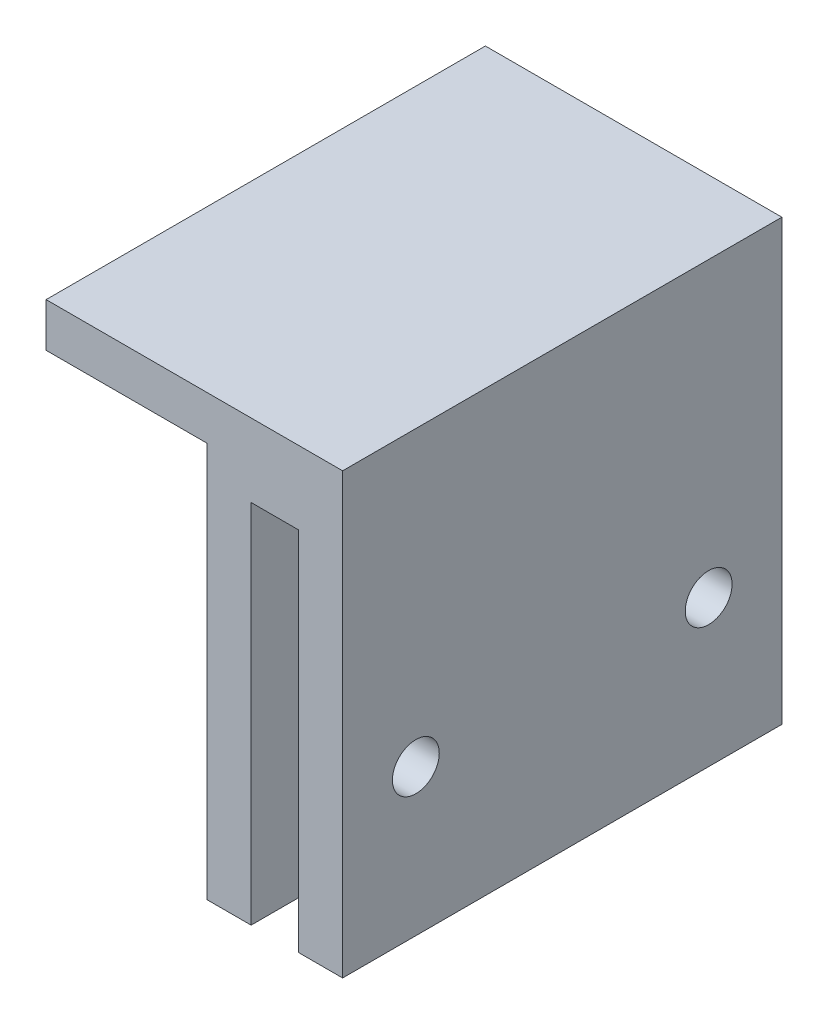
ISO-10303-21;
HEADER;
FILE_DESCRIPTION(('STEP AP214'),'2;1');
FILE_NAME('part.step','',(''),(''),'','','');
FILE_SCHEMA(('AUTOMOTIVE_DESIGN { 1 0 10303 214 1 1 1 1 }'));
ENDSEC;
DATA;
#1=APPLICATION_CONTEXT('core data for automotive mechanical design processes');
#2=APPLICATION_PROTOCOL_DEFINITION('international standard','automotive_design',2000,#1);
#3=PRODUCT_CONTEXT('',#1,'mechanical');
#4=PRODUCT('Part','Part','',(#3));
#5=PRODUCT_RELATED_PRODUCT_CATEGORY('part','',(#4));
#6=PRODUCT_DEFINITION_FORMATION('','',#4);
#7=PRODUCT_DEFINITION_CONTEXT('part definition',#1,'design');
#8=PRODUCT_DEFINITION('design','',#6,#7);
#9=PRODUCT_DEFINITION_SHAPE('','',#8);
#10=(LENGTH_UNIT() NAMED_UNIT(*) SI_UNIT(.MILLI.,.METRE.));
#11=(NAMED_UNIT(*) PLANE_ANGLE_UNIT() SI_UNIT($,.RADIAN.));
#12=(NAMED_UNIT(*) SI_UNIT($,.STERADIAN.) SOLID_ANGLE_UNIT());
#13=UNCERTAINTY_MEASURE_WITH_UNIT(LENGTH_MEASURE(1.E-05),#10,'distance_accuracy_value','');
#14=(GEOMETRIC_REPRESENTATION_CONTEXT(3) GLOBAL_UNCERTAINTY_ASSIGNED_CONTEXT((#13)) GLOBAL_UNIT_ASSIGNED_CONTEXT((#10,
#11,#12)) REPRESENTATION_CONTEXT('',''));
#15=CARTESIAN_POINT('',(0.,0.,0.));
#16=DIRECTION('',(0.,0.,1.));
#17=DIRECTION('',(1.,0.,0.));
#18=AXIS2_PLACEMENT_3D('',#15,#16,#17);
#19=CARTESIAN_POINT('',(-9.25,0.,0.));
#20=DIRECTION('',(1.,0.,0.));
#21=DIRECTION('',(0.,0.,-1.));
#22=AXIS2_PLACEMENT_3D('',#19,#20,#21);
#23=PLANE('',#22);
#24=CARTESIAN_POINT('',(-9.25,10.,-5.));
#25=DIRECTION('',(1.,0.,0.));
#26=DIRECTION('',(0.,0.,-1.));
#27=AXIS2_PLACEMENT_3D('',#24,#25,#26);
#28=CIRCLE('',#27,1.6);
#29=CARTESIAN_POINT('',(-9.25,10.,-6.6));
#30=VERTEX_POINT('',#29);
#31=EDGE_CURVE('E184',#30,#30,#28,.T.);
#32=ORIENTED_EDGE('',*,*,#31,.T.);
#33=EDGE_LOOP('',(#32));
#34=FACE_BOUND('',#33,.T.);
#35=CARTESIAN_POINT('',(-9.25,10.,-25.));
#36=DIRECTION('',(1.,0.,0.));
#37=DIRECTION('',(0.,0.,-1.));
#38=AXIS2_PLACEMENT_3D('',#35,#36,#37);
#39=CIRCLE('',#38,1.6);
#40=CARTESIAN_POINT('',(-9.25,10.,-26.6));
#41=VERTEX_POINT('',#40);
#42=EDGE_CURVE('E178',#41,#41,#39,.T.);
#43=ORIENTED_EDGE('',*,*,#42,.T.);
#44=EDGE_LOOP('',(#43));
#45=FACE_BOUND('',#44,.T.);
#46=DIRECTION('',(0.,0.,1.));
#47=VECTOR('',#46,1.);
#48=CARTESIAN_POINT('',(-9.25,27.,-30.));
#49=LINE('',#48,#47);
#50=CARTESIAN_POINT('',(-9.25,27.,-30.));
#51=VERTEX_POINT('',#50);
#52=CARTESIAN_POINT('',(-9.25,27.,0.));
#53=VERTEX_POINT('',#52);
#54=EDGE_CURVE('E51',#51,#53,#49,.T.);
#55=ORIENTED_EDGE('',*,*,#54,.F.);
#56=DIRECTION('',(0.,1.,0.));
#57=VECTOR('',#56,1.);
#58=CARTESIAN_POINT('',(-9.25,0.,-30.));
#59=LINE('',#58,#57);
#60=CARTESIAN_POINT('',(-9.25,0.,-30.));
#61=VERTEX_POINT('',#60);
#62=EDGE_CURVE('E195',#61,#51,#59,.T.);
#63=ORIENTED_EDGE('',*,*,#62,.F.);
#64=DIRECTION('',(0.,0.,-1.));
#65=VECTOR('',#64,1.);
#66=CARTESIAN_POINT('',(-9.25,0.,0.));
#67=LINE('',#66,#65);
#68=CARTESIAN_POINT('',(-9.25,0.,0.));
#69=VERTEX_POINT('',#68);
#70=EDGE_CURVE('E192',#69,#61,#67,.T.);
#71=ORIENTED_EDGE('',*,*,#70,.F.);
#72=DIRECTION('',(0.,-1.,0.));
#73=VECTOR('',#72,1.);
#74=CARTESIAN_POINT('',(-9.25,30.,0.));
#75=LINE('',#74,#73);
#76=EDGE_CURVE('E190',#53,#69,#75,.T.);
#77=ORIENTED_EDGE('',*,*,#76,.F.);
#78=EDGE_LOOP('',(#55,#63,#71,#77));
#79=FACE_BOUND('',#78,.T.);
#80=ADVANCED_FACE('F34',(#34,#45,#79),#23,.F.);
#81=CARTESIAN_POINT('',(-9.25,0.,0.));
#82=DIRECTION('',(0.,-1.,0.));
#83=DIRECTION('',(0.,0.,-1.));
#84=AXIS2_PLACEMENT_3D('',#81,#82,#83);
#85=PLANE('',#84);
#86=DIRECTION('',(0.,0.,1.));
#87=VECTOR('',#86,1.);
#88=CARTESIAN_POINT('',(-6.25000000000001,0.,-30.));
#89=LINE('',#88,#87);
#90=CARTESIAN_POINT('',(-6.25000000000001,0.,-30.));
#91=VERTEX_POINT('',#90);
#92=CARTESIAN_POINT('',(-6.25000000000001,0.,0.));
#93=VERTEX_POINT('',#92);
#94=EDGE_CURVE('E162',#91,#93,#89,.T.);
#95=ORIENTED_EDGE('',*,*,#94,.T.);
#96=DIRECTION('',(1.,0.,0.));
#97=VECTOR('',#96,1.);
#98=CARTESIAN_POINT('',(-9.25,0.,0.));
#99=LINE('',#98,#97);
#100=EDGE_CURVE('E209',#69,#93,#99,.T.);
#101=ORIENTED_EDGE('',*,*,#100,.F.);
#102=ORIENTED_EDGE('',*,*,#70,.T.);
#103=DIRECTION('',(1.,0.,0.));
#104=VECTOR('',#103,1.);
#105=CARTESIAN_POINT('',(-9.25,0.,-30.));
#106=LINE('',#105,#104);
#107=EDGE_CURVE('E122',#61,#91,#106,.T.);
#108=ORIENTED_EDGE('',*,*,#107,.T.);
#109=EDGE_LOOP('',(#95,#101,#102,#108));
#110=FACE_BOUND('',#109,.T.);
#111=ADVANCED_FACE('F254',(#110),#85,.T.);
#112=CARTESIAN_POINT('',(-9.25,10.,-5.));
#113=DIRECTION('',(1.,0.,0.));
#114=DIRECTION('',(0.,0.,-1.));
#115=AXIS2_PLACEMENT_3D('',#112,#113,#114);
#116=CYLINDRICAL_SURFACE('',#115,1.6);
#117=CARTESIAN_POINT('',(-6.25000000000001,10.,-5.));
#118=DIRECTION('',(-1.,0.,0.));
#119=DIRECTION('',(0.,0.,1.));
#120=AXIS2_PLACEMENT_3D('',#117,#118,#119);
#121=CIRCLE('',#120,1.6);
#122=CARTESIAN_POINT('',(-6.25000000000001,10.,-3.4));
#123=VERTEX_POINT('',#122);
#124=EDGE_CURVE('E174',#123,#123,#121,.F.);
#125=ORIENTED_EDGE('',*,*,#124,.T.);
#126=EDGE_LOOP('',(#125));
#127=FACE_BOUND('',#126,.T.);
#128=ORIENTED_EDGE('',*,*,#31,.F.);
#129=EDGE_LOOP('',(#128));
#130=FACE_BOUND('',#129,.T.);
#131=ADVANCED_FACE('F232',(#127,#130),#116,.F.);
#132=CARTESIAN_POINT('',(-9.25,10.,-25.));
#133=DIRECTION('',(1.,0.,0.));
#134=DIRECTION('',(0.,0.,-1.));
#135=AXIS2_PLACEMENT_3D('',#132,#133,#134);
#136=CYLINDRICAL_SURFACE('',#135,1.6);
#137=CARTESIAN_POINT('',(-6.25000000000001,10.,-25.));
#138=DIRECTION('',(-1.,0.,0.));
#139=DIRECTION('',(0.,0.,1.));
#140=AXIS2_PLACEMENT_3D('',#137,#138,#139);
#141=CIRCLE('',#140,1.6);
#142=CARTESIAN_POINT('',(-6.25000000000001,10.,-23.4));
#143=VERTEX_POINT('',#142);
#144=EDGE_CURVE('E38',#143,#143,#141,.F.);
#145=ORIENTED_EDGE('',*,*,#144,.T.);
#146=EDGE_LOOP('',(#145));
#147=FACE_BOUND('',#146,.T.);
#148=ORIENTED_EDGE('',*,*,#42,.F.);
#149=EDGE_LOOP('',(#148));
#150=FACE_BOUND('',#149,.T.);
#151=ADVANCED_FACE('F301',(#147,#150),#136,.F.);
#152=CARTESIAN_POINT('',(-9.25,30.,0.));
#153=DIRECTION('',(0.,0.,1.));
#154=DIRECTION('',(0.,-1.,0.));
#155=AXIS2_PLACEMENT_3D('',#152,#153,#154);
#156=PLANE('',#155);
#157=DIRECTION('',(0.,-1.,0.));
#158=VECTOR('',#157,1.);
#159=CARTESIAN_POINT('',(-6.25000000000001,0.,0.));
#160=LINE('',#159,#158);
#161=CARTESIAN_POINT('',(-6.25000000000001,25.,0.));
#162=VERTEX_POINT('',#161);
#163=EDGE_CURVE('E150',#162,#93,#160,.T.);
#164=ORIENTED_EDGE('',*,*,#163,.F.);
#165=DIRECTION('',(-1.,0.,0.));
#166=VECTOR('',#165,1.);
#167=CARTESIAN_POINT('',(-6.25000000000001,25.,0.));
#168=LINE('',#167,#166);
#169=CARTESIAN_POINT('',(-3.00000000000001,25.,0.));
#170=VERTEX_POINT('',#169);
#171=EDGE_CURVE('E158',#170,#162,#168,.T.);
#172=ORIENTED_EDGE('',*,*,#171,.F.);
#173=DIRECTION('',(0.,1.,0.));
#174=VECTOR('',#173,1.);
#175=CARTESIAN_POINT('',(-3.00000000000001,25.,0.));
#176=LINE('',#175,#174);
#177=CARTESIAN_POINT('',(-3.00000000000001,0.,0.));
#178=VERTEX_POINT('',#177);
#179=EDGE_CURVE('E147',#178,#170,#176,.T.);
#180=ORIENTED_EDGE('',*,*,#179,.F.);
#181=CARTESIAN_POINT('',(0.,0.,0.));
#182=VERTEX_POINT('',#181);
#183=EDGE_CURVE('E197',#178,#182,#99,.T.);
#184=ORIENTED_EDGE('',*,*,#183,.T.);
#185=DIRECTION('',(0.,-1.,0.));
#186=VECTOR('',#185,1.);
#187=CARTESIAN_POINT('',(0.,30.,0.));
#188=LINE('',#187,#186);
#189=CARTESIAN_POINT('',(0.,30.,0.));
#190=VERTEX_POINT('',#189);
#191=EDGE_CURVE('E187',#190,#182,#188,.T.);
#192=ORIENTED_EDGE('',*,*,#191,.F.);
#193=DIRECTION('',(1.,0.,0.));
#194=VECTOR('',#193,1.);
#195=CARTESIAN_POINT('',(-9.25,30.,0.));
#196=LINE('',#195,#194);
#197=CARTESIAN_POINT('',(-20.25,30.,0.));
#198=VERTEX_POINT('',#197);
#199=EDGE_CURVE('E11',#198,#190,#196,.T.);
#200=ORIENTED_EDGE('',*,*,#199,.F.);
#201=DIRECTION('',(0.,1.,0.));
#202=VECTOR('',#201,1.);
#203=CARTESIAN_POINT('',(-20.25,27.,0.));
#204=LINE('',#203,#202);
#205=CARTESIAN_POINT('',(-20.25,27.,0.));
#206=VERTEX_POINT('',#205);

- [Activity] Everything from the line with "#184=ORIENTED_EDGE('',*,*,#183,.T.);" through the last line of the entries is to be written out again, unchanged; nothing else belongs in the answer.

- [Task solution]
#184=ORIENTED_EDGE('',*,*,#183,.T.);
#185=DIRECTION('',(0.,-1.,0.));
#186=VECTOR('',#185,1.);
#187=CARTESIAN_POINT('',(0.,30.,0.));
#188=LINE('',#187,#186);
#189=CARTESIAN_POINT('',(0.,30.,0.));
#190=VERTEX_POINT('',#189);
#191=EDGE_CURVE('E187',#190,#182,#188,.T.);
#192=ORIENTED_EDGE('',*,*,#191,.F.);
#193=DIRECTION('',(1.,0.,0.));
#194=VECTOR('',#193,1.);
#195=CARTESIAN_POINT('',(-9.25,30.,0.));
#196=LINE('',#195,#194);
#197=CARTESIAN_POINT('',(-20.25,30.,0.));
#198=VERTEX_POINT('',#197);
#199=EDGE_CURVE('E11',#198,#190,#196,.T.);
#200=ORIENTED_EDGE('',*,*,#199,.F.);
#201=DIRECTION('',(0.,1.,0.));
#202=VECTOR('',#201,1.);
#203=CARTESIAN_POINT('',(-20.25,27.,0.));
#204=LINE('',#203,#202);
#205=CARTESIAN_POINT('',(-20.25,27.,0.));
#206=VERTEX_POINT('',#205);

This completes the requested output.